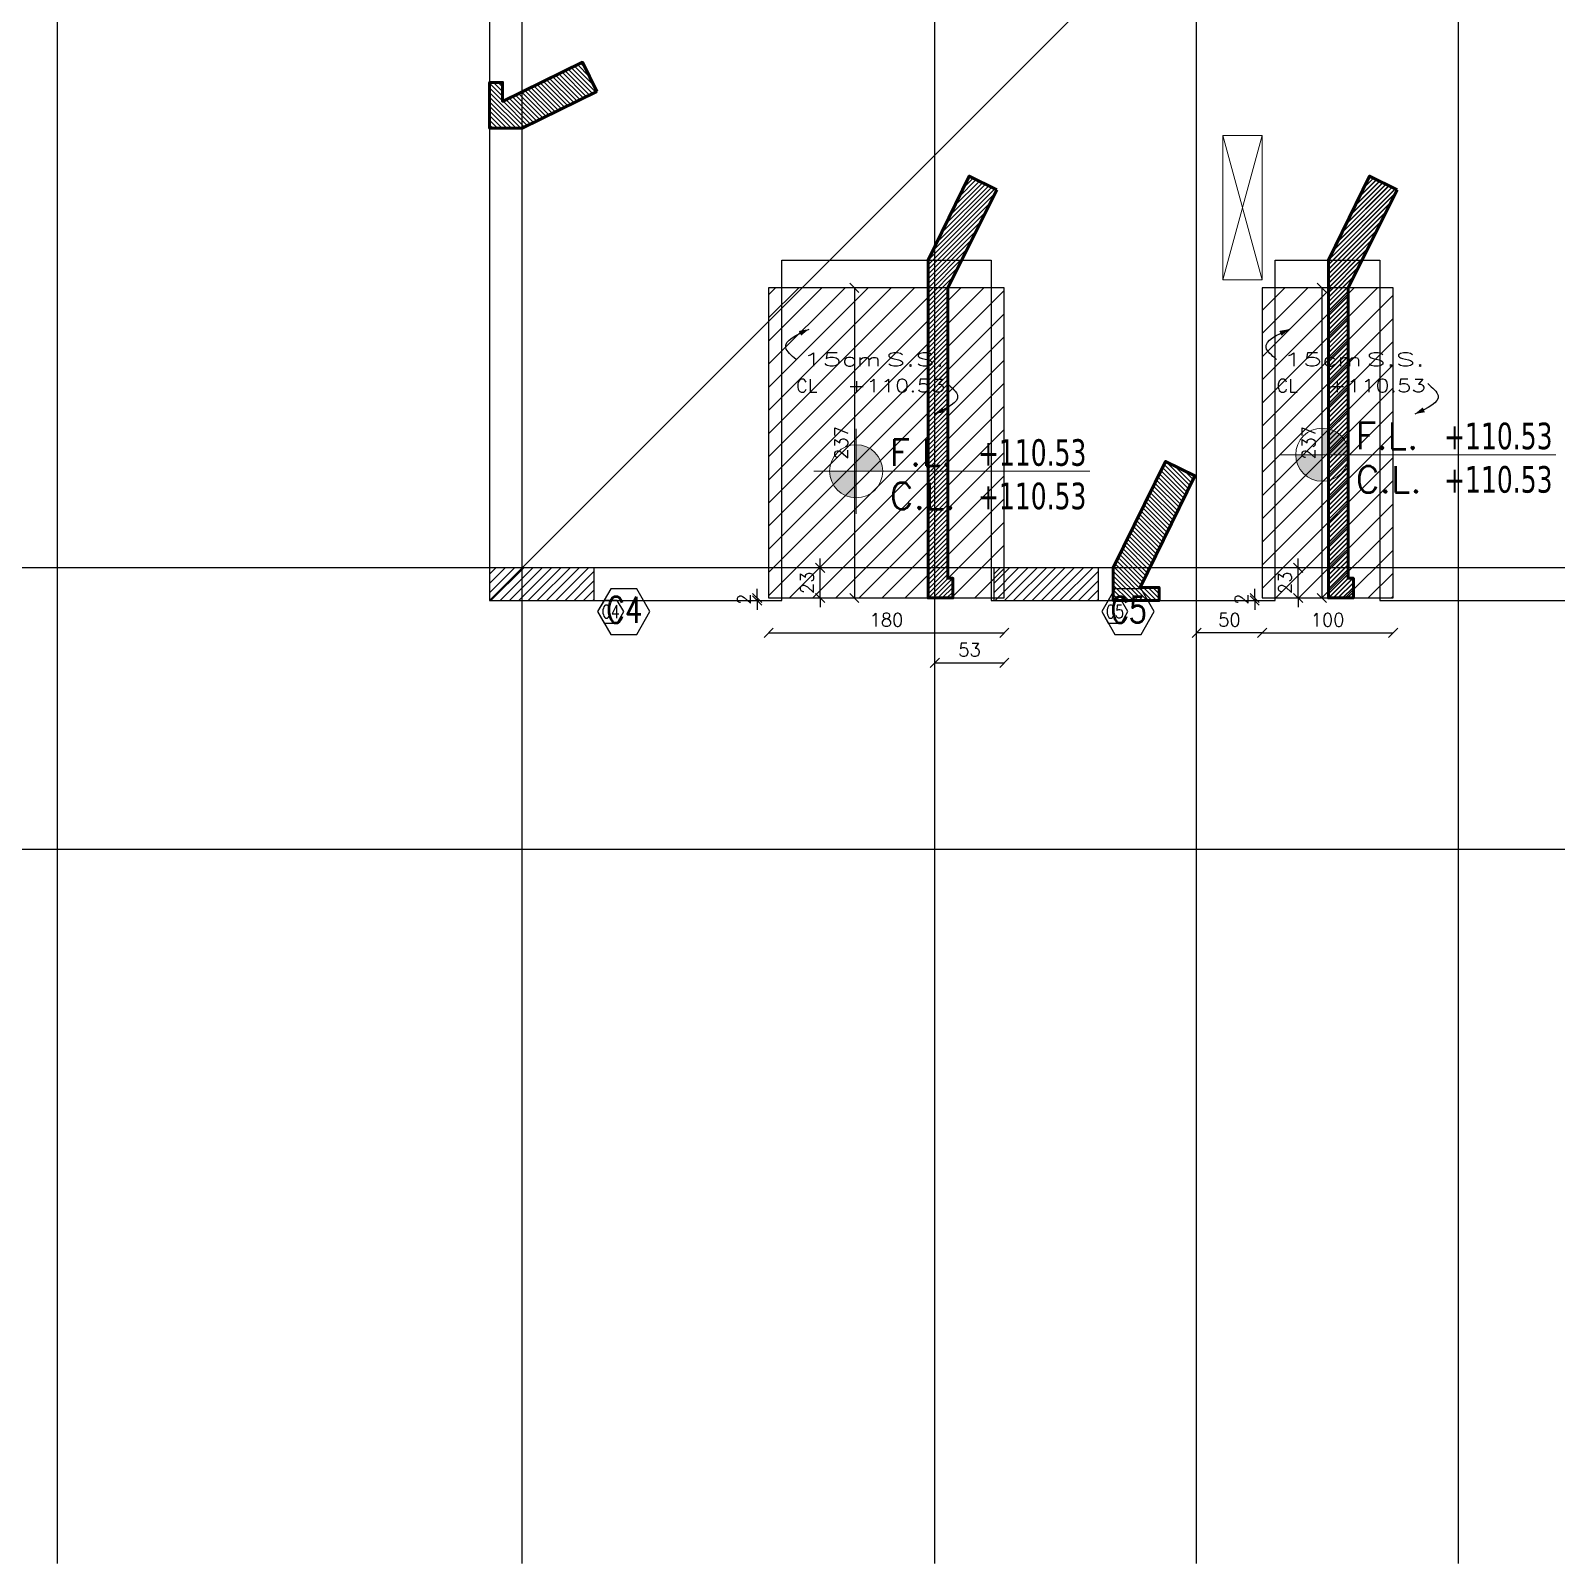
# Model space of a CAD drawing. Header units: inches. Extents: x -48 to 777, y -156 to 510.
# Drawn here: x 640.67 to 652.32, y -128.46 to -116.75 of the extents above; entities that cross this region are included whole.
import ezdxf
from ezdxf.enums import TextEntityAlignment as Align

# ---------------------------------------------------------------- set-up
doc = ezdxf.new("R2010")
doc.units = ezdxf.units.IN
doc.header["$MEASUREMENT"] = 0
doc.linetypes.add('NUHA', pattern=[1.45, 0.75, -0.25, 0.2, -0.25])
doc.layers.get('Defpoints').update_dxf_attribs({"lineweight": 5})
for name, color, linetype, lineweight in [('A-PILLARS', 1, 'Continuous', 60), ('A-SIGNS1', 20, 'Continuous', 15), ('A-SIGNS2', 30, 'Continuous', 15), ('H-PILLARS', 61, 'Continuous', 5), ('str-shaft', 1, 'Continuous', 5)]:
    doc.layers.add(name, color=color, linetype=linetype, lineweight=lineweight)
doc.layers.add('HH-DARK GREY', color=7, linetype='Continuous', lineweight=5, true_color=0x404040)
for name, color, linetype in [('Str-Axes', 8, 'Continuous'), ('str-col-hatch', 8, 'Continuous'), ('str-COL-TAG-100', 1, 'Continuous'), ('str-COL-TAG-50', 7, 'Continuous'), ('str-columns', 3, 'Continuous'), ('str-sunken-slabs', 5, 'Continuous')]:
    doc.layers.add(name, color=color, linetype=linetype)
doc.styles.add('ROMAN', font='ROMANS.SHX')
doc.styles.add('ROMAND', font='verdana.ttf')
doc.styles.add('ROMANS', font='romans__.ttf', dxfattribs={"height": 0.14})
doc.dimstyles.new('structure', dxfattribs={"dimtxt": 0.1, "dimasz": 0.07, "dimexe": 0.18, "dimexo": 1, "dimgap": 0.05, "dimtad": 1, "dimdec": 1, "dimlfac": 100, "dimrnd": 0.5, "dimdsep": 46, "dimtxsty": 'ROMAN', "dimblk1": 'OBLIQUE', "dimblk2": 'OBLIQUE', "dimsah": 1, "dimcen": 0.009, "dimse1": 1, "dimse2": 1, "dimclrd": 4, "dimclre": 9, "dimclrt": 1, "dimadec": 0, "dimazin": 0, "dimtfac": 0.066667, "dimtdec": 1, "dimtix": 1, "dimtmove": 2, "dimatfit": 3, "dimldrblk": 'OBLIQUE', "dimfxl": 0.18, "dimtolj": 1, "dimarcsym": 0})
pattern_1 = [(45, (645.39616, -335.52274), (-0.08838835, 0.08838835), [])]
pattern_2 = [(315, (444.075857, -53.69414), (0.0176776695, 0.0176776695), [])]
pattern_3 = [(315, (582.844532, -335.52274), (0.0176776695, 0.0176776695), [])]
pattern_4 = [(225, (469.691575, -51.784483), (0.0176776695, -0.0176776695), [])]

# ---------------------------------------------------------------- blocks, each defined once
blk = doc.blocks.new('GXFHGCGFCD')
at = {"layer": 'A-SIGNS1', "linetype": 'NUHA'}
h = blk.add_hatch(color=256, dxfattribs=at)
h.paths.add_polyline_path([(90.3819, 61.3301), (90.3819, 61.1701), (90.5419, 61.1701, 0.414214)])
h.paths.add_polyline_path([(90.3819, 61.1701), (90.2219, 61.1701, 0.414214), (90.3819, 61.0101)])
at = {"layer": 'A-SIGNS1'}
for p, q in [((90.3819, 60.9141), (90.3819, 61.4261)), ((90.1259, 61.1701), (91.7898, 61.1701))]:
    blk.add_line(p, q, dxfattribs=at)
blk.add_circle((90.3819, 61.1701), 0.16, dxfattribs=at)
blk = doc.blocks.new('DGXFHXFGDFD')
at = {"layer": 'A-SIGNS1'}
blk.add_blockref('GXFHGCGFCD', (0, 0), dxfattribs=at)
at = {"layer": 'A-SIGNS2', "linetype": 'NUHA', "style": 'ROMANS'}
for s, p in [('F.L.', (90.5835, 61.2031)), ('C.L.', (90.5835, 60.9413))]:
    blk.add_text(s, height=0.16, dxfattribs=at).set_placement(p)
at = {"layer": 'A-SIGNS2', "style": 'ROMANS', "width": 0.910135, "flags": 4}
for tag, p, p2 in [('NIV.FINI', (91.1159, 61.2031), (91.7898, 61.2031)), ('NIV.BETON', (91.1159, 60.9413), (91.7898, 60.9413))]:
    blk.add_attdef(tag, text='', height=0.16, dxfattribs=at).set_placement(p, p2, align=Align.FIT)
blk = doc.blocks.new('tags')
at = {"layer": 'str-COL-TAG-100', "color": 2}
blk.add_lwpolyline([(0.125, -0.262), (0.325, -0.262), (0.425, -0.088), (0.325, 0.085), (0.125, 0.085), (0.025, -0.088)], close=True, dxfattribs=at)
at = {"layer": 'str-COL-TAG-50', "color": 2}
blk.add_lwpolyline([(0.075, -0.175), (0.175, -0.175), (0.225, -0.088), (0.175, -0.002), (0.075, -0.002), (0.025, -0.088)], close=True, dxfattribs=at)
at = {"layer": 'str-COL-TAG-100', "color": 1, "style": 'ROMANS', "width": 0.699426}
blk.add_attdef('NUMBER', text='', height=0.2, dxfattribs=at).set_placement((0.092, -0.174), (0.368, -0.174), align=Align.FIT)
at = {"layer": 'str-COL-TAG-50', "color": 1, "style": 'ROMANS', "width": 0.697102}
blk.add_attdef('NUMBER', text='', height=0.1, dxfattribs=at).set_placement((0.056, -0.138), (0.194, -0.138), align=Align.FIT)
blk = doc.blocks.new('_Oblique')
at = {"color": 0, "linetype": 'ByBlock', "lineweight": -2}
blk.add_line((-0.5, -0.5), (0.5, 0.5), dxfattribs=at)
blk = doc.blocks.new('*D2466')
at = {"layer": 'Defpoints', "color": 0, "transparency": 16777216}
for p in [(646.304, -121.085), (648.104, -121.085), (648.104, -121.352)]:
    blk.add_point(p, dxfattribs=at)
at = {"layer": 'str-sunken-slabs', "color": 4, "lineweight": -2, "transparency": 16777216}
blk.add_line((646.304, -121.352), (648.104, -121.352), dxfattribs=at)
at = {"layer": 'str-sunken-slabs', "color": 4, "lineweight": -2, "transparency": 16777216, "xscale": 0.07, "yscale": 0.07, "zscale": 0.07, "rotation": 180}
blk.add_blockref('_Oblique', (646.304, -121.352), dxfattribs=at)
at = {"layer": 'str-sunken-slabs', "color": 4, "lineweight": -2, "transparency": 16777216, "xscale": 0.07, "yscale": 0.07, "zscale": 0.07}
blk.add_blockref('_Oblique', (648.104, -121.352), dxfattribs=at)
at = {"layer": 'str-sunken-slabs', "color": 1, "transparency": 16777216, "insert": (647.204, -121.252), "char_height": 0.1, "attachment_point": 5, "style": 'ROMAN'}
blk.add_mtext('\\A1;180', dxfattribs=at)
blk = doc.blocks.new('*D2467')
at = {"layer": 'Defpoints', "color": 0, "transparency": 16777216}
for p in [(647.573, -121.352), (648.104, -121.352), (648.104, -121.581)]:
    blk.add_point(p, dxfattribs=at)
at = {"layer": 'str-sunken-slabs', "color": 4, "lineweight": -2, "transparency": 16777216}
blk.add_line((647.573, -121.581), (648.104, -121.581), dxfattribs=at)
at = {"layer": 'str-sunken-slabs', "color": 4, "lineweight": -2, "transparency": 16777216, "xscale": 0.07, "yscale": 0.07, "zscale": 0.07, "rotation": 180}
blk.add_blockref('_Oblique', (647.573, -121.581), dxfattribs=at)
at = {"layer": 'str-sunken-slabs', "color": 4, "lineweight": -2, "transparency": 16777216, "xscale": 0.07, "yscale": 0.07, "zscale": 0.07}
blk.add_blockref('_Oblique', (648.104, -121.581), dxfattribs=at)
at = {"layer": 'str-sunken-slabs', "color": 1, "transparency": 16777216, "insert": (647.838, -121.481), "char_height": 0.1, "attachment_point": 5, "style": 'ROMAN'}
blk.add_mtext('\\A1;53', dxfattribs=at)
blk = doc.blocks.new('*D2468')
at = {"layer": 'Defpoints', "color": 0, "transparency": 16777216}
for p in [(646.216, -121.105), (646.304, -121.085), (646.304, -121.105)]:
    blk.add_point(p, dxfattribs=at)
at = {"layer": 'str-sunken-slabs', "color": 4, "lineweight": -2, "transparency": 16777216}
for p, q in [((646.216, -121.085), (646.216, -121.015)), ((646.216, -121.085), (646.216, -121.105)), ((646.216, -121.105), (646.216, -121.175))]:
    blk.add_line(p, q, dxfattribs=at)
at = {"layer": 'str-sunken-slabs', "color": 4, "lineweight": -2, "transparency": 16777216, "xscale": 0.07, "yscale": 0.07, "zscale": 0.07}
for p, rotation in [((646.216, -121.085), 270), ((646.216, -121.105), 90)]:
    blk.add_blockref('_Oblique', p, dxfattribs=dict(at, rotation=rotation))
at = {"layer": 'str-sunken-slabs', "color": 1, "transparency": 16777216, "insert": (646.116, -121.095), "char_height": 0.1, "attachment_point": 5, "rotation": 90, "style": 'ROMAN'}
blk.add_mtext('\\A1;2', dxfattribs=at)
blk = doc.blocks.new('*D2469')
at = {"layer": 'Defpoints', "color": 0, "transparency": 16777216}
for p in [(650.073, -121.085), (651.073, -121.085), (651.073, -121.352)]:
    blk.add_point(p, dxfattribs=at)
at = {"layer": 'str-sunken-slabs', "color": 4, "lineweight": -2, "transparency": 16777216}
blk.add_line((650.073, -121.352), (651.073, -121.352), dxfattribs=at)
at = {"layer": 'str-sunken-slabs', "color": 4, "lineweight": -2, "transparency": 16777216, "xscale": 0.07, "yscale": 0.07, "zscale": 0.07, "rotation": 180}
blk.add_blockref('_Oblique', (650.073, -121.352), dxfattribs=at)
at = {"layer": 'str-sunken-slabs', "color": 4, "lineweight": -2, "transparency": 16777216, "xscale": 0.07, "yscale": 0.07, "zscale": 0.07}
blk.add_blockref('_Oblique', (651.073, -121.352), dxfattribs=at)
at = {"layer": 'str-sunken-slabs', "color": 1, "transparency": 16777216, "insert": (650.573, -121.252), "char_height": 0.1, "attachment_point": 5, "style": 'ROMAN'}
blk.add_mtext('\\A1;100', dxfattribs=at)
blk = doc.blocks.new('*D2470')
at = {"layer": 'Defpoints', "color": 0, "transparency": 16777216}
for p in [(649.573, -121.352), (649.573, -121.352), (650.073, -121.352)]:
    blk.add_point(p, dxfattribs=at)
at = {"layer": 'str-sunken-slabs', "color": 4, "lineweight": -2, "transparency": 16777216}
blk.add_line((650.073, -121.352), (649.573, -121.352), dxfattribs=at)
at = {"layer": 'str-sunken-slabs', "color": 4, "lineweight": -2, "transparency": 16777216, "xscale": 0.07, "yscale": 0.07, "zscale": 0.07, "rotation": 180}
blk.add_blockref('_Oblique', (649.573, -121.352), dxfattribs=at)
at = {"layer": 'str-sunken-slabs', "color": 4, "lineweight": -2, "transparency": 16777216, "xscale": 0.07, "yscale": 0.07, "zscale": 0.07}
blk.add_blockref('_Oblique', (650.073, -121.352), dxfattribs=at)
at = {"layer": 'str-sunken-slabs', "color": 1, "transparency": 16777216, "insert": (649.823, -121.252), "char_height": 0.1, "attachment_point": 5, "style": 'ROMAN'}
blk.add_mtext('\\A1;50', dxfattribs=at)
blk = doc.blocks.new('*D2471')
at = {"layer": 'Defpoints', "color": 0, "transparency": 16777216}
for p in [(650.016, -121.105), (650.073, -121.085), (650.073, -121.105)]:
    blk.add_point(p, dxfattribs=at)
at = {"layer": 'str-sunken-slabs', "color": 4, "lineweight": -2, "transparency": 16777216}
for p, q in [((650.016, -121.085), (650.016, -121.015)), ((650.016, -121.085), (650.016, -121.105)), ((650.016, -121.105), (650.016, -121.175))]:
    blk.add_line(p, q, dxfattribs=at)
at = {"layer": 'str-sunken-slabs', "color": 4, "lineweight": -2, "transparency": 16777216, "xscale": 0.07, "yscale": 0.07, "zscale": 0.07}
for p, rotation in [((650.016, -121.085), 270), ((650.016, -121.105), 90)]:
    blk.add_blockref('_Oblique', p, dxfattribs=dict(at, rotation=rotation))
at = {"layer": 'str-sunken-slabs', "color": 1, "transparency": 16777216, "insert": (649.916, -121.095), "char_height": 0.1, "attachment_point": 5, "rotation": 90, "style": 'ROMAN'}
blk.add_mtext('\\A1;2', dxfattribs=at)
blk = doc.blocks.new('*D2487')
at = {"layer": 'Defpoints', "color": 0, "transparency": 16777216}
for p in [(646.959, -118.717), (646.959, -121.085), (646.959, -121.085)]:
    blk.add_point(p, dxfattribs=at)
at = {"layer": 'str-sunken-slabs', "color": 4, "lineweight": -2, "transparency": 16777216}
blk.add_line((646.959, -118.717), (646.959, -121.085), dxfattribs=at)
at = {"layer": 'str-sunken-slabs', "color": 4, "lineweight": -2, "transparency": 16777216, "xscale": 0.07, "yscale": 0.07, "zscale": 0.07}
for p, rotation in [((646.959, -118.717), 90), ((646.959, -121.085), 270)]:
    blk.add_blockref('_Oblique', p, dxfattribs=dict(at, rotation=rotation))
at = {"layer": 'str-sunken-slabs', "color": 1, "transparency": 16777216, "insert": (646.859, -119.901), "char_height": 0.1, "attachment_point": 5, "rotation": 90, "style": 'ROMAN'}
blk.add_mtext('\\A1;237', dxfattribs=at)
blk = doc.blocks.new('*D2488')
at = {"layer": 'Defpoints', "color": 0, "transparency": 16777216}
for p in [(646.698, -120.855), (646.698, -120.855), (646.698, -121.085)]:
    blk.add_point(p, dxfattribs=at)
at = {"layer": 'str-sunken-slabs', "color": 4, "lineweight": -2, "transparency": 16777216}
for p, q in [((646.698, -120.855), (646.698, -120.785)), ((646.698, -121.085), (646.698, -120.855)), ((646.698, -121.085), (646.698, -121.155))]:
    blk.add_line(p, q, dxfattribs=at)
at = {"layer": 'str-sunken-slabs', "color": 4, "lineweight": -2, "transparency": 16777216, "xscale": 0.07, "yscale": 0.07, "zscale": 0.07}
for p, rotation in [((646.698, -120.855), 270), ((646.698, -121.085), 90)]:
    blk.add_blockref('_Oblique', p, dxfattribs=dict(at, rotation=rotation))
at = {"layer": 'str-sunken-slabs', "color": 1, "transparency": 16777216, "insert": (646.598, -120.97), "char_height": 0.1, "attachment_point": 5, "rotation": 90, "style": 'ROMAN'}
blk.add_mtext('\\A1;23', dxfattribs=at)
blk = doc.blocks.new('*D2489')
at = {"layer": 'Defpoints', "color": 0, "transparency": 16777216}
for p in [(650.529, -118.717), (650.529, -121.085), (650.529, -121.085)]:
    blk.add_point(p, dxfattribs=at)
at = {"layer": 'str-sunken-slabs', "color": 4, "lineweight": -2, "transparency": 16777216}
blk.add_line((650.529, -118.717), (650.529, -121.085), dxfattribs=at)
at = {"layer": 'str-sunken-slabs', "color": 4, "lineweight": -2, "transparency": 16777216, "xscale": 0.07, "yscale": 0.07, "zscale": 0.07}
for p, rotation in [((650.529, -118.717), 90), ((650.529, -121.085), 270)]:
    blk.add_blockref('_Oblique', p, dxfattribs=dict(at, rotation=rotation))
at = {"layer": 'str-sunken-slabs', "color": 1, "transparency": 16777216, "insert": (650.429, -119.901), "char_height": 0.1, "attachment_point": 5, "rotation": 90, "style": 'ROMAN'}
blk.add_mtext('\\A1;237', dxfattribs=at)
blk = doc.blocks.new('*D2490')
at = {"layer": 'Defpoints', "color": 0, "transparency": 16777216}
for p in [(650.348, -120.855), (650.348, -120.855), (650.348, -121.085)]:
    blk.add_point(p, dxfattribs=at)
at = {"layer": 'str-sunken-slabs', "color": 4, "lineweight": -2, "transparency": 16777216}
for p, q in [((650.348, -120.855), (650.348, -120.785)), ((650.348, -121.085), (650.348, -120.855)), ((650.348, -121.085), (650.348, -121.155))]:
    blk.add_line(p, q, dxfattribs=at)
at = {"layer": 'str-sunken-slabs', "color": 4, "lineweight": -2, "transparency": 16777216, "xscale": 0.07, "yscale": 0.07, "zscale": 0.07}
for p, rotation in [((650.348, -120.855), 270), ((650.348, -121.085), 90)]:
    blk.add_blockref('_Oblique', p, dxfattribs=dict(at, rotation=rotation))
at = {"layer": 'str-sunken-slabs', "color": 1, "transparency": 16777216, "insert": (650.248, -120.97), "char_height": 0.1, "attachment_point": 5, "rotation": 90, "style": 'ROMAN'}
blk.add_mtext('\\A1;23', dxfattribs=at)
blk = doc.blocks.new('DALLE-P')
at = {"color": 5}
for points in [[(-4.66, 3.29, 0, 0.4, 0), (-5.35, 2.97, 0.4, 0.4, 0)], [(4.91, -3.19, 0, 0.4, 0), (5.6, -2.87, 0.4, 0.4, 0)]]:
    blk.add_lwpolyline(points, format="xyseb", dxfattribs=at)
for points in [[(-5.65, 0.97), (-6.44, 1.88), (-4.66, 3.29)], [(5.9, -0.87), (6.69, -1.78), (4.91, -3.19)]]:
    blk.add_spline(points, degree=3, dxfattribs=at)
at = {"color": 1, "style": 'ROMANS', "width": 1.302339}
blk.add_text('cm', height=1, dxfattribs=at).set_placement((-2.15, 0.47), (0.85, 0.47), align=Align.FIT)
at = {"color": 1, "style": 'ROMANS'}
blk.add_text('CL', height=1, dxfattribs=at).set_placement((-5.65, -1.53))
for tag, width, p, p2 in [('SLABTHICKNESS', 1.557299, (-5.15, 0.47), (-2.15, 0.47)), ('SLABTYPE', 1.86013, (1.2, 0.47), (5.7, 0.47)), ('CONCRETELEVEL', 1.620528, (-1.75, -1.53), (5.75, -1.53))]:
    blk.add_attdef(tag, text='', height=1, dxfattribs=dict(at, width=width)).set_placement(p, p2, align=Align.FIT)

msp = doc.modelspace()

# ---------------------------------------------------------------- hatches: boundary and pattern name
at = {"layer": 'H-PILLARS', "linetype": 'Continuous'}
h = msp.add_hatch(dxfattribs=at)
h.set_pattern_fill('ANSI31', color=256, scale=0.2, angle=-90)
h.set_pattern_definition(pattern_3)
h.paths.add_polyline_path([(644.99281, -117.21973), (644.42293, -117.49971), (644.17293, -117.49971), (644.17293, -117.14971), (644.27293, -117.14971), (644.27293, -117.29486), (644.88257, -116.99535)])
at = {"layer": 'H-PILLARS'}
h = msp.add_hatch(dxfattribs=at)
h.set_pattern_fill('ANSI31', color=256, scale=0.2, angle=180)
h.set_pattern_definition(pattern_4)
h.paths.add_polyline_path([(648.04724, -117.96882), (647.83596, -117.86502), (647.5214, -118.5053), (647.5214, -121.08534), (647.7114, -121.08534), (647.7114, -120.93534), (647.6714, -120.93534), (647.6714, -118.7175)])
h = msp.add_hatch(dxfattribs=at)
h.set_pattern_fill('ANSI31', color=256, scale=0.2, angle=180)
h.set_pattern_definition([(225, (472.749637, -51.784483), (0.0176776695, -0.0176776695), [])])
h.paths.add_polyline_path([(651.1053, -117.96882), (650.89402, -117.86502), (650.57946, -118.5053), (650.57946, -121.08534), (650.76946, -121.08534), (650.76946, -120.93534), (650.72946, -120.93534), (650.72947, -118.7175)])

◆ ◆ ◆ ◆

Work item:
Everything from the first line of the entries above through the line with "linetype='Continuous', lineweight=5, true_color=0x404040)" should be duplicated exactly, except the pictures.

Your response:
# Model space of a CAD drawing. Header units: inches. Extents: x -48 to 777, y -156 to 510.
# Drawn here: x 640.67 to 652.32, y -128.46 to -116.75 of the extents above; entities that cross this region are included whole.
import ezdxf
from ezdxf.enums import TextEntityAlignment as Align

# ---------------------------------------------------------------- set-up
doc = ezdxf.new("R2010")
doc.units = ezdxf.units.IN
doc.header["$MEASUREMENT"] = 0
doc.linetypes.add('NUHA', pattern=[1.45, 0.75, -0.25, 0.2, -0.25])
doc.layers.get('Defpoints').update_dxf_attribs({"lineweight": 5})
for name, color, linetype, lineweight in [('A-PILLARS', 1, 'Continuous', 60), ('A-SIGNS1', 20, 'Continuous', 15), ('A-SIGNS2', 30, 'Continuous', 15), ('H-PILLARS', 61, 'Continuous', 5), ('str-shaft', 1, 'Continuous', 5)]:
    doc.layers.add(name, color=color, linetype=linetype, lineweight=lineweight)
doc.layers.add('HH-DARK GREY', color=7, linetype='Continuous', lineweight=5, true_color=0x404040)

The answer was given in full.